Material supplied section start

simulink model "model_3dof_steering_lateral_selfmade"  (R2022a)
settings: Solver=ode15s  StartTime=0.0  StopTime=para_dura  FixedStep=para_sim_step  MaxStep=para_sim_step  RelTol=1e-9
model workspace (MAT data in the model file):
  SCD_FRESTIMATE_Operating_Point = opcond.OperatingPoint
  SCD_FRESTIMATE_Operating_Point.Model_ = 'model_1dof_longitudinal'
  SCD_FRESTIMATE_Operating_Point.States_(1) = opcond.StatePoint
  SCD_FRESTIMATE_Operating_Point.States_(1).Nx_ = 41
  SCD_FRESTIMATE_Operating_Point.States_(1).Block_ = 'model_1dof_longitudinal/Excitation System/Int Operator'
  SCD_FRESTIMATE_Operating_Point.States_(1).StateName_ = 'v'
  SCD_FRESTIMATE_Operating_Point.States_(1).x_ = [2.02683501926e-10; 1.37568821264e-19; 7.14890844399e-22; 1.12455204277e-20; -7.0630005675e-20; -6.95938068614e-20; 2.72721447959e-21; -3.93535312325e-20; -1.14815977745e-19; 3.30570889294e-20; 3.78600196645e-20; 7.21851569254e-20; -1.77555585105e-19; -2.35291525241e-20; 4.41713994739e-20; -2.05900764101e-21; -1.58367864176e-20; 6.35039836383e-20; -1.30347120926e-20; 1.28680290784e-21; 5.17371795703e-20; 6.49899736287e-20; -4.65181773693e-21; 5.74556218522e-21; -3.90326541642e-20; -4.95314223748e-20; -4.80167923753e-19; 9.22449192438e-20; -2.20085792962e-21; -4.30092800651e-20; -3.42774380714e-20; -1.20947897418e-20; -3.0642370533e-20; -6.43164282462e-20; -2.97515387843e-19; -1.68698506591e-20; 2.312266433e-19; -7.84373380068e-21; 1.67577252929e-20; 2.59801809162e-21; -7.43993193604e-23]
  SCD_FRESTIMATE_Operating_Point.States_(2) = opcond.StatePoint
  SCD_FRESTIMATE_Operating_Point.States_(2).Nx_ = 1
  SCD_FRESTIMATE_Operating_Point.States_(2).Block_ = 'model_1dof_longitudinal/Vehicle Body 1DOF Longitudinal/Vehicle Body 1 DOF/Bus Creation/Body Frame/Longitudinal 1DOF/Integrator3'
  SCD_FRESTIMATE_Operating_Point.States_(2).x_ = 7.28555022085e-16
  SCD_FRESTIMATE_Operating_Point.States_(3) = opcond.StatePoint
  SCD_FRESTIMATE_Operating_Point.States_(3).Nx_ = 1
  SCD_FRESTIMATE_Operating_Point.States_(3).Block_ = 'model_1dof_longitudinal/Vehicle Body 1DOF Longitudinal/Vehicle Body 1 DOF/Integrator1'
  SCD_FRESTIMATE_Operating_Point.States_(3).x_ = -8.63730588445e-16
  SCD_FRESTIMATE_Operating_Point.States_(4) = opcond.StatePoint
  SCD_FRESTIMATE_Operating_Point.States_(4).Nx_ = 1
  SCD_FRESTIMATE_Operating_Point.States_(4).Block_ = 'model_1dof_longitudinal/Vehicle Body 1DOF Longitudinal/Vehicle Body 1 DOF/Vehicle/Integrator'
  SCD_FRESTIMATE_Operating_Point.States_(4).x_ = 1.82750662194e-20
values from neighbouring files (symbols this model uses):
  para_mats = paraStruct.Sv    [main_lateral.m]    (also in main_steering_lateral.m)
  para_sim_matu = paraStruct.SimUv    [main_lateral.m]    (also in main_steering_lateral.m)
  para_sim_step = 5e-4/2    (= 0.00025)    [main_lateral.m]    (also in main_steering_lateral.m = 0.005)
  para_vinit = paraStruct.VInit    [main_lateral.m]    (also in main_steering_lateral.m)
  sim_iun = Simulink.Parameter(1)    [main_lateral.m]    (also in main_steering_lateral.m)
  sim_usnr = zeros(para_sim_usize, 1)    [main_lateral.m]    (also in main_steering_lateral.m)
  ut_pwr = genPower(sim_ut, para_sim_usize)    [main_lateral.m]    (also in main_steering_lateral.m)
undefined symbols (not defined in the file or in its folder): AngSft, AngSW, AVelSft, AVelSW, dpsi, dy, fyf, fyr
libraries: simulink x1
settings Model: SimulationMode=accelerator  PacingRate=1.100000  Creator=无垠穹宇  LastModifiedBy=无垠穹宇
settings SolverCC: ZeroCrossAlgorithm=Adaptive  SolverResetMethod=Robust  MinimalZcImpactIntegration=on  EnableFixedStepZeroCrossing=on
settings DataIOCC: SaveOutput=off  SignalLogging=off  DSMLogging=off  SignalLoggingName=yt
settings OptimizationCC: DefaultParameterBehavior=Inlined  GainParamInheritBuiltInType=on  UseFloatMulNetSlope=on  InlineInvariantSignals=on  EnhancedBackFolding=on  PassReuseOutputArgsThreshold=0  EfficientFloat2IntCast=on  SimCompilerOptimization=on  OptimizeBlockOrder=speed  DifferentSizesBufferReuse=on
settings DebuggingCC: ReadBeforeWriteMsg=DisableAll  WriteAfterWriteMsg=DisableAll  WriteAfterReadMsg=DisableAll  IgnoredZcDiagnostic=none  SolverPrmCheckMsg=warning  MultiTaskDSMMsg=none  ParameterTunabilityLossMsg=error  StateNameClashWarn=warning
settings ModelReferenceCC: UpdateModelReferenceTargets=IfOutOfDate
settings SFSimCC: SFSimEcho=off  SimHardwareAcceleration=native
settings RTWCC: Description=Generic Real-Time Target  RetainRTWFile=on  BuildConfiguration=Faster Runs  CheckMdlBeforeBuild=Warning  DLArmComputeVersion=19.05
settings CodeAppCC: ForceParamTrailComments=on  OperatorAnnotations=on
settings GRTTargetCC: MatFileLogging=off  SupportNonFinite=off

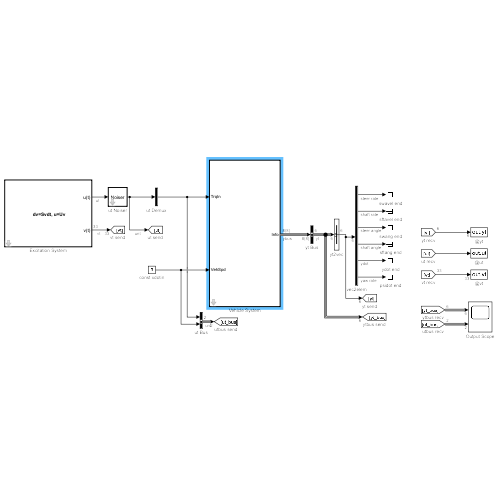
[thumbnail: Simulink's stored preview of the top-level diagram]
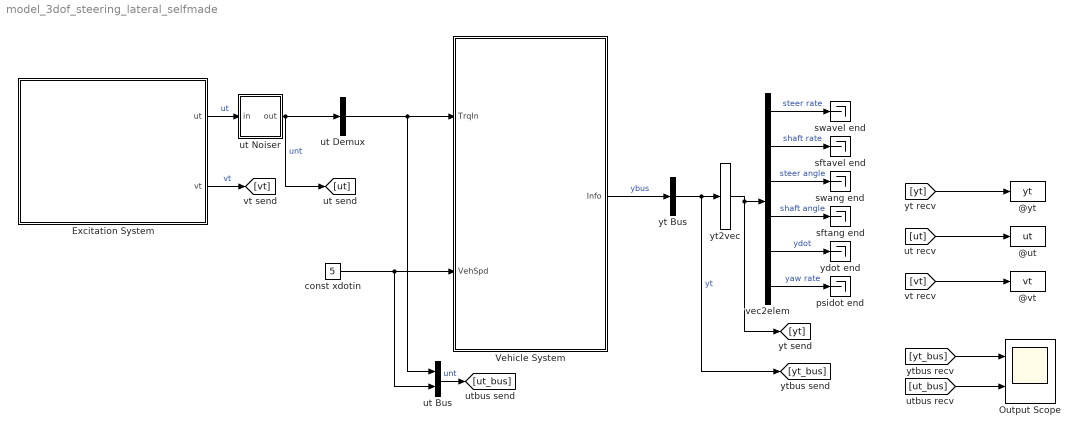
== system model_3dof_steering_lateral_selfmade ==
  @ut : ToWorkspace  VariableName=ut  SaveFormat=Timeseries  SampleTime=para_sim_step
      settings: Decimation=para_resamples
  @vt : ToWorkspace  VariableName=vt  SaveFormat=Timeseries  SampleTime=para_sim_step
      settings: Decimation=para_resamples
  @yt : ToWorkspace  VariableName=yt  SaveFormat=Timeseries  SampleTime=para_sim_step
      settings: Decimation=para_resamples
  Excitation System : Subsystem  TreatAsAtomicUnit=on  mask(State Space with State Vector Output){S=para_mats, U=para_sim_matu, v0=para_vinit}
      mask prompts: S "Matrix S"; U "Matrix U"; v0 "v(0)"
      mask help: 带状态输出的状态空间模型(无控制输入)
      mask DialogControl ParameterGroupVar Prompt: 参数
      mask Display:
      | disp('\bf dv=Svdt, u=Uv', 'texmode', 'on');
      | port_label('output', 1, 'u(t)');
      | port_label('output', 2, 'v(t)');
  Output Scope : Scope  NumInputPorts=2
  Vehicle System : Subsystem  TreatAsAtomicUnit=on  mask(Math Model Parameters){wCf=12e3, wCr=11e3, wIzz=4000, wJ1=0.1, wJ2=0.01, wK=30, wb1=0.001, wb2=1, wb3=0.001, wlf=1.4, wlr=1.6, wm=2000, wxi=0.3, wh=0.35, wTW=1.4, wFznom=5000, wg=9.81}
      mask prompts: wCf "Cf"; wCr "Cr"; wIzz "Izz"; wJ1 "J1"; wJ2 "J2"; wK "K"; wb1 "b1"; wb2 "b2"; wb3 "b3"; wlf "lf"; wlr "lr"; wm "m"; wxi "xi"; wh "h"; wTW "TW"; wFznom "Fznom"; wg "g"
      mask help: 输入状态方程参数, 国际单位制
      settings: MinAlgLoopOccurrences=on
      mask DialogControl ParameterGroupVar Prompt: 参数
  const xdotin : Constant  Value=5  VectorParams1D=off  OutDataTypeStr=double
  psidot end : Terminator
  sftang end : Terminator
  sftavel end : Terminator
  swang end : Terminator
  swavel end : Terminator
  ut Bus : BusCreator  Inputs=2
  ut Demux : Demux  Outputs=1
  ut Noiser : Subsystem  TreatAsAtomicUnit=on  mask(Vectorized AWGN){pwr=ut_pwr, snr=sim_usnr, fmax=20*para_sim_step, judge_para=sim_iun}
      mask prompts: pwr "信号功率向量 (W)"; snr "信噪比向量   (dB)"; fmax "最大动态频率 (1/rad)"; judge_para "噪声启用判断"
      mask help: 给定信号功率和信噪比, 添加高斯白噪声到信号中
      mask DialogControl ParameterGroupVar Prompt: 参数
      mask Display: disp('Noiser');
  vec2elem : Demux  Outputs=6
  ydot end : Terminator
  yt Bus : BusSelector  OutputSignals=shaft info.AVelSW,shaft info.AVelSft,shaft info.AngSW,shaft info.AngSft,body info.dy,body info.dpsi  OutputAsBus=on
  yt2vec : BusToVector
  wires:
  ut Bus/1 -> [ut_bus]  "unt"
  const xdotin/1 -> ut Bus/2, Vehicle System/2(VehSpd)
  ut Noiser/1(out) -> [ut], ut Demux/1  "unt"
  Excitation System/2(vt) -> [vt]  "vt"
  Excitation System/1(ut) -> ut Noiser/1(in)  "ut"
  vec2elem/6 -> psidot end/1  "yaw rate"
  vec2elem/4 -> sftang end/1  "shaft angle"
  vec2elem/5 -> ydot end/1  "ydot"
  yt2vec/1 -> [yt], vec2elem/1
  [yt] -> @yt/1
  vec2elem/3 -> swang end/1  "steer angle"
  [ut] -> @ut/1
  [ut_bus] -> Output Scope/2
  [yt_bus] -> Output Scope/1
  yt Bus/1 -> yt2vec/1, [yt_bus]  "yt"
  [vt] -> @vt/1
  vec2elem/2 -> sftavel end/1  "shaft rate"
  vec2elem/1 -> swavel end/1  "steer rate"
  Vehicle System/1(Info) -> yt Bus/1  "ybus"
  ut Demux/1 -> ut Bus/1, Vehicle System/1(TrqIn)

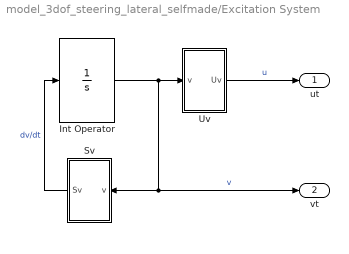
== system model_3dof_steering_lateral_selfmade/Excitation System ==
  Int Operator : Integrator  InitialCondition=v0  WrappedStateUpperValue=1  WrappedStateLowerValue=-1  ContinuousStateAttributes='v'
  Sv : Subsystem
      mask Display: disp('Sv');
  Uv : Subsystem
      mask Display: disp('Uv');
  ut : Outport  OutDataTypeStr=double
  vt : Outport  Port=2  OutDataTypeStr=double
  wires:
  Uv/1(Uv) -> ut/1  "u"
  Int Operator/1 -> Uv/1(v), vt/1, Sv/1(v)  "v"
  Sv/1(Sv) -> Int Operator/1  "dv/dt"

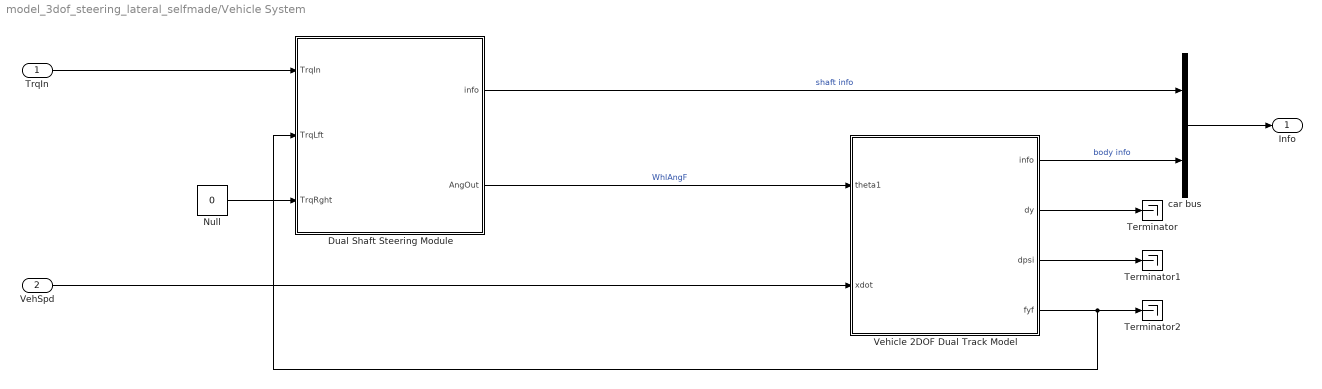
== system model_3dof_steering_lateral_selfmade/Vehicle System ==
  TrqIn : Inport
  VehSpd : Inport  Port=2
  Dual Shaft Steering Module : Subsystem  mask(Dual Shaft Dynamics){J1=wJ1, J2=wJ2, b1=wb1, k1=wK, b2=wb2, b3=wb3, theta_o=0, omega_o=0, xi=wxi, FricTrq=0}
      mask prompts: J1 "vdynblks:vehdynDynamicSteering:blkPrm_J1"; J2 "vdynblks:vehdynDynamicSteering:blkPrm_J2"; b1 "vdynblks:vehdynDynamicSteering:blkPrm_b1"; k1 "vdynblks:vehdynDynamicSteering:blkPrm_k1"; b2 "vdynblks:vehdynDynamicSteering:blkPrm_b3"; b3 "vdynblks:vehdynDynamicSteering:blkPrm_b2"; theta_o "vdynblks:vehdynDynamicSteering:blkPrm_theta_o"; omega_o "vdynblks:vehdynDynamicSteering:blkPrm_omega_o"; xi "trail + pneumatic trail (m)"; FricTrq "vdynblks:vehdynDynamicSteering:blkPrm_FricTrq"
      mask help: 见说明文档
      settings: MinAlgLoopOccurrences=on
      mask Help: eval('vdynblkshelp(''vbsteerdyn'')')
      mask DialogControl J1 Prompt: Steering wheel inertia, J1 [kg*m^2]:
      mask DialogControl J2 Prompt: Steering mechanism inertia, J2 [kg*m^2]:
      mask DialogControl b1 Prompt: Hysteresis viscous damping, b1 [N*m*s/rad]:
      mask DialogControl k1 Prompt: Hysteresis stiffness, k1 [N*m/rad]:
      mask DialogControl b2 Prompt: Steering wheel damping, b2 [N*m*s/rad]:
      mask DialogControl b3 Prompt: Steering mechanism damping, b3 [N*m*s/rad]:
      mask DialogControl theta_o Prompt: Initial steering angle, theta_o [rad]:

Material supplied section end

### Exercise
From the records above, repeat exactly the lines from the one with "mask Help: eval('vdynblkshelp(''vbsteerdyn'')')" through the one with "mask DialogControl b3", both included.

### Task output
      mask Help: eval('vdynblkshelp(''vbsteerdyn'')')
      mask DialogControl J1 Prompt: Steering wheel inertia, J1 [kg*m^2]:
      mask DialogControl J2 Prompt: Steering mechanism inertia, J2 [kg*m^2]:
      mask DialogControl b1 Prompt: Hysteresis viscous damping, b1 [N*m*s/rad]:
      mask DialogControl k1 Prompt: Hysteresis stiffness, k1 [N*m/rad]:
      mask DialogControl b2 Prompt: Steering wheel damping, b2 [N*m*s/rad]:
      mask DialogControl b3 Prompt: Steering mechanism damping, b3 [N*m*s/rad]:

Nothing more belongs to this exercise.